[Records for the exercise]

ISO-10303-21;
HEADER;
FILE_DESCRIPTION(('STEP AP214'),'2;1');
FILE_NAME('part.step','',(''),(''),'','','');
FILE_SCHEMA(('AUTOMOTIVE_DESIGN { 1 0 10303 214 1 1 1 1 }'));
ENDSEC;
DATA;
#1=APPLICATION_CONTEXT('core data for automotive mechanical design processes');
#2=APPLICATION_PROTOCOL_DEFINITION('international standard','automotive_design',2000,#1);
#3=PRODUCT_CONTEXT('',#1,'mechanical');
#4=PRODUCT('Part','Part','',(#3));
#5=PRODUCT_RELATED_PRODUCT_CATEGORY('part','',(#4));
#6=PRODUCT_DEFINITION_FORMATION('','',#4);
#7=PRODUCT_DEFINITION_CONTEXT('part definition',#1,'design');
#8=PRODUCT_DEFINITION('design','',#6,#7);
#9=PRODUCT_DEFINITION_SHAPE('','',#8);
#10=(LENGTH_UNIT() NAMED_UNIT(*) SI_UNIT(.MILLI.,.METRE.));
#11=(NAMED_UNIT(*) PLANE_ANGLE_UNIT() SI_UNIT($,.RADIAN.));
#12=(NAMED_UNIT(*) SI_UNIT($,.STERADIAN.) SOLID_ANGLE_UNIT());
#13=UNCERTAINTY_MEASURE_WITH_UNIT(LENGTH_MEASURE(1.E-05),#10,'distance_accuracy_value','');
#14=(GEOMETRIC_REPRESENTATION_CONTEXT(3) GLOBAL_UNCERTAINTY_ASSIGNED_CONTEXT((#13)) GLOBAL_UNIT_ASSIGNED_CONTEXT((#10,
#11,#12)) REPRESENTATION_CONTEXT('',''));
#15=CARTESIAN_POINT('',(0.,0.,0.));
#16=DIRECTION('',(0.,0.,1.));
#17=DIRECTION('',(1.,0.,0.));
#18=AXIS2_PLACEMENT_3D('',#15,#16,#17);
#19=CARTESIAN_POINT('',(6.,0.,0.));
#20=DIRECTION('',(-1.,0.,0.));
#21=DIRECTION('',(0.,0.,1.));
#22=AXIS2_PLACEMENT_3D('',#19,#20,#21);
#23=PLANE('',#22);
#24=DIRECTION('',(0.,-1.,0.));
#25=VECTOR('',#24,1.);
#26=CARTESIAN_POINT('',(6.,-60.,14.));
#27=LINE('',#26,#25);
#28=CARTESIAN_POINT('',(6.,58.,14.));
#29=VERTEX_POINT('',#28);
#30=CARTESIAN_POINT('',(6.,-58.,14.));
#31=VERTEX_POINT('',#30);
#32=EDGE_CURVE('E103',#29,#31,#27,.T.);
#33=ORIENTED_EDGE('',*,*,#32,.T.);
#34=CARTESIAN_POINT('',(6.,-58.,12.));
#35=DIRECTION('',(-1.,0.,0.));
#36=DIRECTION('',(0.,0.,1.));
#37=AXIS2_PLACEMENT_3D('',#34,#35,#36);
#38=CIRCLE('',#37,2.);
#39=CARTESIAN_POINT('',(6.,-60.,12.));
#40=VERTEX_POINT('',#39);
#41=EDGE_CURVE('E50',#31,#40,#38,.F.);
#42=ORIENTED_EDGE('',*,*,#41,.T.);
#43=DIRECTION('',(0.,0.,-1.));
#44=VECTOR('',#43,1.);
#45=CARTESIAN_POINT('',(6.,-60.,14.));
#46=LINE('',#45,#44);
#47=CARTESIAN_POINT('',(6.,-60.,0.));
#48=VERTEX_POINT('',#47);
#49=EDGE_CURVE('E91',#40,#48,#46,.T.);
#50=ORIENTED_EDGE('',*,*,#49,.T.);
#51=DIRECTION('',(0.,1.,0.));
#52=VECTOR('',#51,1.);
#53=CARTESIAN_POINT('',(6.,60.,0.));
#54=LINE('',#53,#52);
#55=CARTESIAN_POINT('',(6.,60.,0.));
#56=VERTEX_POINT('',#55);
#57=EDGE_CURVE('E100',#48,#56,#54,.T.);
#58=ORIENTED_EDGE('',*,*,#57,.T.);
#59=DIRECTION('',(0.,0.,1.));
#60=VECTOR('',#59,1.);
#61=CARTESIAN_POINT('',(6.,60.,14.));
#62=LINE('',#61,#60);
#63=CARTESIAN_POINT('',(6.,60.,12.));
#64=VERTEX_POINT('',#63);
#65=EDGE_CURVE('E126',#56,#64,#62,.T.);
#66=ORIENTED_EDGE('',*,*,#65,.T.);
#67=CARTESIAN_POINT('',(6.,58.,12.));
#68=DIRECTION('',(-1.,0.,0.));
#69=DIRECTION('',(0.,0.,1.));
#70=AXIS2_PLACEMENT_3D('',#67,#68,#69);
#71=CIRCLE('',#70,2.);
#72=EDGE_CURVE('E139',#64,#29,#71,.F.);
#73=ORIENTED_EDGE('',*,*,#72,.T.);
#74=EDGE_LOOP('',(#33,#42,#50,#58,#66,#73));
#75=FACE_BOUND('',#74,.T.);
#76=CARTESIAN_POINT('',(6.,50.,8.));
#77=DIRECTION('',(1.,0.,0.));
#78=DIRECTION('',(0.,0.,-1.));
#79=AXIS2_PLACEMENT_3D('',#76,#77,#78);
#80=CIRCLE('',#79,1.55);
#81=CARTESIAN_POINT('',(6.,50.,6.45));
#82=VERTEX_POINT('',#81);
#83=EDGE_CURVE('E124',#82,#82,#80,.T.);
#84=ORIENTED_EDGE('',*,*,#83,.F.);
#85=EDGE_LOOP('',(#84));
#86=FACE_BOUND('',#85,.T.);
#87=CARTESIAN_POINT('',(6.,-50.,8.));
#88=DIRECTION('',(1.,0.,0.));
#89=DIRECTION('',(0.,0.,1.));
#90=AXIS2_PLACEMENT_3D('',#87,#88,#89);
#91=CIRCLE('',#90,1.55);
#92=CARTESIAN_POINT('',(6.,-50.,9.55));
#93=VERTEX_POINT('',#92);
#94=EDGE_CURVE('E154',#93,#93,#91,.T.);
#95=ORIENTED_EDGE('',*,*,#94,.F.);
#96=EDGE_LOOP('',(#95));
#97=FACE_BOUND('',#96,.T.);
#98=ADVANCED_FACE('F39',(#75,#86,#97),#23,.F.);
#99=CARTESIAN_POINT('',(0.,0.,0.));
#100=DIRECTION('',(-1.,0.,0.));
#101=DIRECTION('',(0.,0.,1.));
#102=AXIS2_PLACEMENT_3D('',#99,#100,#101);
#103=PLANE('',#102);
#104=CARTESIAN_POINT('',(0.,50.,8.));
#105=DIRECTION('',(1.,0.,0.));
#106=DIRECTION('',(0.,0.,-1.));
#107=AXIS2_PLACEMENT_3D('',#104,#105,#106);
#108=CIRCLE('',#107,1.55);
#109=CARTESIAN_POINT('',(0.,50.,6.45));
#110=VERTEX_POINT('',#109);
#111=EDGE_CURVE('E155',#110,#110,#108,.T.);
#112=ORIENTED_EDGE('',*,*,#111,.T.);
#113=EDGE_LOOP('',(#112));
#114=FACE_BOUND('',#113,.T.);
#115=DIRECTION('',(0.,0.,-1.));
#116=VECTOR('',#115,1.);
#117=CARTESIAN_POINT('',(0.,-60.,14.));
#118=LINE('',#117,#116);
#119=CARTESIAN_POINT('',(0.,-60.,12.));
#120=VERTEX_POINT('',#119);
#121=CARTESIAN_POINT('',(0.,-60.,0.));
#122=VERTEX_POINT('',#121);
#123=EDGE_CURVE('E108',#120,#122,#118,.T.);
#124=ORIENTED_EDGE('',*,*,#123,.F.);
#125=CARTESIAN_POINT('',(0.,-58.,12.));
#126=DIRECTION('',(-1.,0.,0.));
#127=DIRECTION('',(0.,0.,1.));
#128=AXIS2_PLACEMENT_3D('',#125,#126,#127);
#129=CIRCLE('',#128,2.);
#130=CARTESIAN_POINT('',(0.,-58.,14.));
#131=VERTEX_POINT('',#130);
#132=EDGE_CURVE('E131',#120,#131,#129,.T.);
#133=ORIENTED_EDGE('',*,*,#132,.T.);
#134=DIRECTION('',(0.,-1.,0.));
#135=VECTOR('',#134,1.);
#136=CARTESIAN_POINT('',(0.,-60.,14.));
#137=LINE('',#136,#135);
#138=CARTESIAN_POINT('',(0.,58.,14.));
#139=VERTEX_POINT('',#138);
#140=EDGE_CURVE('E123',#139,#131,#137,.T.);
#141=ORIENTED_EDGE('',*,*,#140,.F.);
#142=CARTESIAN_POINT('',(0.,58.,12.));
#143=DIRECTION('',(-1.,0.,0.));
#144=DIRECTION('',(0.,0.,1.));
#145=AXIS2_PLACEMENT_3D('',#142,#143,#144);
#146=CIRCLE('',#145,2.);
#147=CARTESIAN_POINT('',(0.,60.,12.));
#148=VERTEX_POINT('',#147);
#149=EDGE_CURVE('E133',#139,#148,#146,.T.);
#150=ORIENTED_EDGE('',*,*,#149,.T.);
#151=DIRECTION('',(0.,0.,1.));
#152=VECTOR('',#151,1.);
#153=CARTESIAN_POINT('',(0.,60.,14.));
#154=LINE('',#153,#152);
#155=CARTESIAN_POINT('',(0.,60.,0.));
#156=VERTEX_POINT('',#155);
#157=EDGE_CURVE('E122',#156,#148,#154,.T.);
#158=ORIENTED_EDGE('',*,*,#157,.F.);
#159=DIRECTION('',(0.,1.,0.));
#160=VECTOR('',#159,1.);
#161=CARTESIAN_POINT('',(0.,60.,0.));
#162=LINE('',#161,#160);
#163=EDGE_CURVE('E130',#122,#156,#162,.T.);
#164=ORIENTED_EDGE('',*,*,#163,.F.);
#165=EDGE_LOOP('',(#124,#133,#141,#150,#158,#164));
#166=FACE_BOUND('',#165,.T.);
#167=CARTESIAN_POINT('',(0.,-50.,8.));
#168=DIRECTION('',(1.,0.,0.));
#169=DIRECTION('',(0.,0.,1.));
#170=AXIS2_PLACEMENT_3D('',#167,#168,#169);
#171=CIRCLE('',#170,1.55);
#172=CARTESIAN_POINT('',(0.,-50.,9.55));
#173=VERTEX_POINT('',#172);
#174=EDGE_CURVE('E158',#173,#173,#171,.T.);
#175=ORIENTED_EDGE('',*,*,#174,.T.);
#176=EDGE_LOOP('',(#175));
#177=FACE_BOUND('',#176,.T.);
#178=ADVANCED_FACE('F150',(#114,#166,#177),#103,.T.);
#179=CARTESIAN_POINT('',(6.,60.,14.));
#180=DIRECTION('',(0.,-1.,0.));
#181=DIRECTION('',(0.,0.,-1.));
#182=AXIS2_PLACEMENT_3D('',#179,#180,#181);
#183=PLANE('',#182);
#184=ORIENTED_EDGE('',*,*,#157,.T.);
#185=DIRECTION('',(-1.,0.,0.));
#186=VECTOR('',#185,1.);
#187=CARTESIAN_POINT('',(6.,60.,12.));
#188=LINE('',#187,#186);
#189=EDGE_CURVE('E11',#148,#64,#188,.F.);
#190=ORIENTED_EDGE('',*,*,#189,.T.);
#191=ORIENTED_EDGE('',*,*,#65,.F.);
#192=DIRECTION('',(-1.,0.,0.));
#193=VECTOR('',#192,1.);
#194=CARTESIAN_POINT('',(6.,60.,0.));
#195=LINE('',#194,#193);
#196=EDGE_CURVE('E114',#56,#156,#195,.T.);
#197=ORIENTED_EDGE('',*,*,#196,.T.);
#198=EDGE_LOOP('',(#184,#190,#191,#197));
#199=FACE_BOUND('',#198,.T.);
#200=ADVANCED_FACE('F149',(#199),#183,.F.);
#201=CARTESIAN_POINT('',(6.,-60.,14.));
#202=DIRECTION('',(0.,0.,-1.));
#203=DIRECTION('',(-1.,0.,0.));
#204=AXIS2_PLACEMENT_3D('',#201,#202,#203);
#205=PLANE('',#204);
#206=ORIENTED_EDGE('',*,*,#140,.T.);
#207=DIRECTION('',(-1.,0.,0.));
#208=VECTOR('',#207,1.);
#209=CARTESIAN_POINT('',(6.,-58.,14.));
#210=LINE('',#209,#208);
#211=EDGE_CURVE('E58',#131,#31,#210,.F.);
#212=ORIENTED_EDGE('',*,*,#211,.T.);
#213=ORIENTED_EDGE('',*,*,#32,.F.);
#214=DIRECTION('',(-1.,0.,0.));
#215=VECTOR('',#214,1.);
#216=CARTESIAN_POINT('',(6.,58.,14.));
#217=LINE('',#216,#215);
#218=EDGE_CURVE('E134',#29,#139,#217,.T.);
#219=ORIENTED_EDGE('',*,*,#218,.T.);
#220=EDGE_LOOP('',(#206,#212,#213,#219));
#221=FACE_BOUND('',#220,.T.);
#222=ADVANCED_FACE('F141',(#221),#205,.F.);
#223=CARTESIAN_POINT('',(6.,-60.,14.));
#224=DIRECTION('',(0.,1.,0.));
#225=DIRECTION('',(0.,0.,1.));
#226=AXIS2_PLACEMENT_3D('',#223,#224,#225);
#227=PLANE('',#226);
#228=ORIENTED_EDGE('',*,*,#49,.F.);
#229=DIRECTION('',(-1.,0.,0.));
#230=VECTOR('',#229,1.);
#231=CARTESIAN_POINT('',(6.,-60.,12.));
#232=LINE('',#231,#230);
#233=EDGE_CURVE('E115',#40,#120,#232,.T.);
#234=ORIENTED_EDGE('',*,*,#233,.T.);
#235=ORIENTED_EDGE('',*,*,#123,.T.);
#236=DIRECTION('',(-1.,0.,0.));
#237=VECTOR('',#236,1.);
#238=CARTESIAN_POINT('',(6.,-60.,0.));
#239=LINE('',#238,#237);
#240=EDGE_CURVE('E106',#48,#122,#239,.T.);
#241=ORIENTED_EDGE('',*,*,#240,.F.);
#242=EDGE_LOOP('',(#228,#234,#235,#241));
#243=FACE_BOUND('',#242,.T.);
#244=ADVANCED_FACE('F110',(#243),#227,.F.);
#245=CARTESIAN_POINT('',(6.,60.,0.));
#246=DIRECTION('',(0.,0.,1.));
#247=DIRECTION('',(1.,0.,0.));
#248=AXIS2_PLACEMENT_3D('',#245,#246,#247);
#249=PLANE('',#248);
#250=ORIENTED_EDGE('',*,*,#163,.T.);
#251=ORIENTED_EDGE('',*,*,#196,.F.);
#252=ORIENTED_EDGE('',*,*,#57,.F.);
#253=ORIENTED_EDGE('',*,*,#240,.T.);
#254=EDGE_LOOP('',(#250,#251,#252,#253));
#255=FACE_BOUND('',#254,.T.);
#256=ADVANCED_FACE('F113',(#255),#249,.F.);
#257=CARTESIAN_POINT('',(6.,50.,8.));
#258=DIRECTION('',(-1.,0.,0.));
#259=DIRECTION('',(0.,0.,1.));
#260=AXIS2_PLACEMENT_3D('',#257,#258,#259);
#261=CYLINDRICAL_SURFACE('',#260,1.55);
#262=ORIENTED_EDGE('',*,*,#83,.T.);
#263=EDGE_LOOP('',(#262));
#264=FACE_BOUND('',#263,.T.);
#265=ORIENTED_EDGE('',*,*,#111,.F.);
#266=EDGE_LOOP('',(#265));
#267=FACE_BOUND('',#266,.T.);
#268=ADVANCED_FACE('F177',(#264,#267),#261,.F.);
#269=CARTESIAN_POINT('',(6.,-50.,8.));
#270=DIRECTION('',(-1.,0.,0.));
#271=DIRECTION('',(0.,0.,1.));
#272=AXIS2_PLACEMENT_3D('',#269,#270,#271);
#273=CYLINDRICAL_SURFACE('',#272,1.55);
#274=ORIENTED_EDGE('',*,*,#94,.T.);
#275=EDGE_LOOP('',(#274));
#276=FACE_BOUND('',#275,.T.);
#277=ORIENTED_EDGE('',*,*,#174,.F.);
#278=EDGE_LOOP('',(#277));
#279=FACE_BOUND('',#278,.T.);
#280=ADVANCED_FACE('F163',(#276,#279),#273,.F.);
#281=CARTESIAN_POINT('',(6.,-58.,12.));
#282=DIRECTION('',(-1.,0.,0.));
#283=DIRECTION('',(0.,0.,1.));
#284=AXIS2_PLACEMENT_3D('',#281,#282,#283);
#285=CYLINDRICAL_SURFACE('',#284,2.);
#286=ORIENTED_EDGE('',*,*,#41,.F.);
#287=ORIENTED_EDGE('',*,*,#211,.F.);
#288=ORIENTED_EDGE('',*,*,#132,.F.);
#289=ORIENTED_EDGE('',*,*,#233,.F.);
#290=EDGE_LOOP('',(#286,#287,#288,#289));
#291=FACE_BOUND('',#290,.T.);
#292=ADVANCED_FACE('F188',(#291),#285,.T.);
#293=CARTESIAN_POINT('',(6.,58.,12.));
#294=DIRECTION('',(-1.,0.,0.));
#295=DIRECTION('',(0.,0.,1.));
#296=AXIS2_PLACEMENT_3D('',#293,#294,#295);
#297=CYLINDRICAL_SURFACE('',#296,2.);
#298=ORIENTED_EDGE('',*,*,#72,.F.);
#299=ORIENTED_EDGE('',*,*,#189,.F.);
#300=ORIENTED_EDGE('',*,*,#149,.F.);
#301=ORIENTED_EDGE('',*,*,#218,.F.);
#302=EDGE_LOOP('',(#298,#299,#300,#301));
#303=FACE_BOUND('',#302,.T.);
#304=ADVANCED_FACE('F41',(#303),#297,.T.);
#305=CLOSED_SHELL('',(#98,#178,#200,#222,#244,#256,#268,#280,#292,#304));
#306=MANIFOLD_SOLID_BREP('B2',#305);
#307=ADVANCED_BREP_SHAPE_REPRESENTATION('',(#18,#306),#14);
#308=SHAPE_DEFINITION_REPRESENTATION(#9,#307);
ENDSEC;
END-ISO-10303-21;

[/Records for the exercise]

Problem description: Print each line, starting with the one that contains "#286=ORIENTED_EDGE('',*,*,#41,.F.);" and ending with the last line of the data, exactly as it stands and with no other lines.

Solution for this task:
#286=ORIENTED_EDGE('',*,*,#41,.F.);
#287=ORIENTED_EDGE('',*,*,#211,.F.);
#288=ORIENTED_EDGE('',*,*,#132,.F.);
#289=ORIENTED_EDGE('',*,*,#233,.F.);
#290=EDGE_LOOP('',(#286,#287,#288,#289));
#291=FACE_BOUND('',#290,.T.);
#292=ADVANCED_FACE('F188',(#291),#285,.T.);
#293=CARTESIAN_POINT('',(6.,58.,12.));
#294=DIRECTION('',(-1.,0.,0.));
#295=DIRECTION('',(0.,0.,1.));
#296=AXIS2_PLACEMENT_3D('',#293,#294,#295);
#297=CYLINDRICAL_SURFACE('',#296,2.);
#298=ORIENTED_EDGE('',*,*,#72,.F.);
#299=ORIENTED_EDGE('',*,*,#189,.F.);
#300=ORIENTED_EDGE('',*,*,#149,.F.);
#301=ORIENTED_EDGE('',*,*,#218,.F.);
#302=EDGE_LOOP('',(#298,#299,#300,#301));
#303=FACE_BOUND('',#302,.T.);
#304=ADVANCED_FACE('F41',(#303),#297,.T.);
#305=CLOSED_SHELL('',(#98,#178,#200,#222,#244,#256,#268,#280,#292,#304));
#306=MANIFOLD_SOLID_BREP('B2',#305);
#307=ADVANCED_BREP_SHAPE_REPRESENTATION('',(#18,#306),#14);
#308=SHAPE_DEFINITION_REPRESENTATION(#9,#307);
ENDSEC;
END-ISO-10303-21;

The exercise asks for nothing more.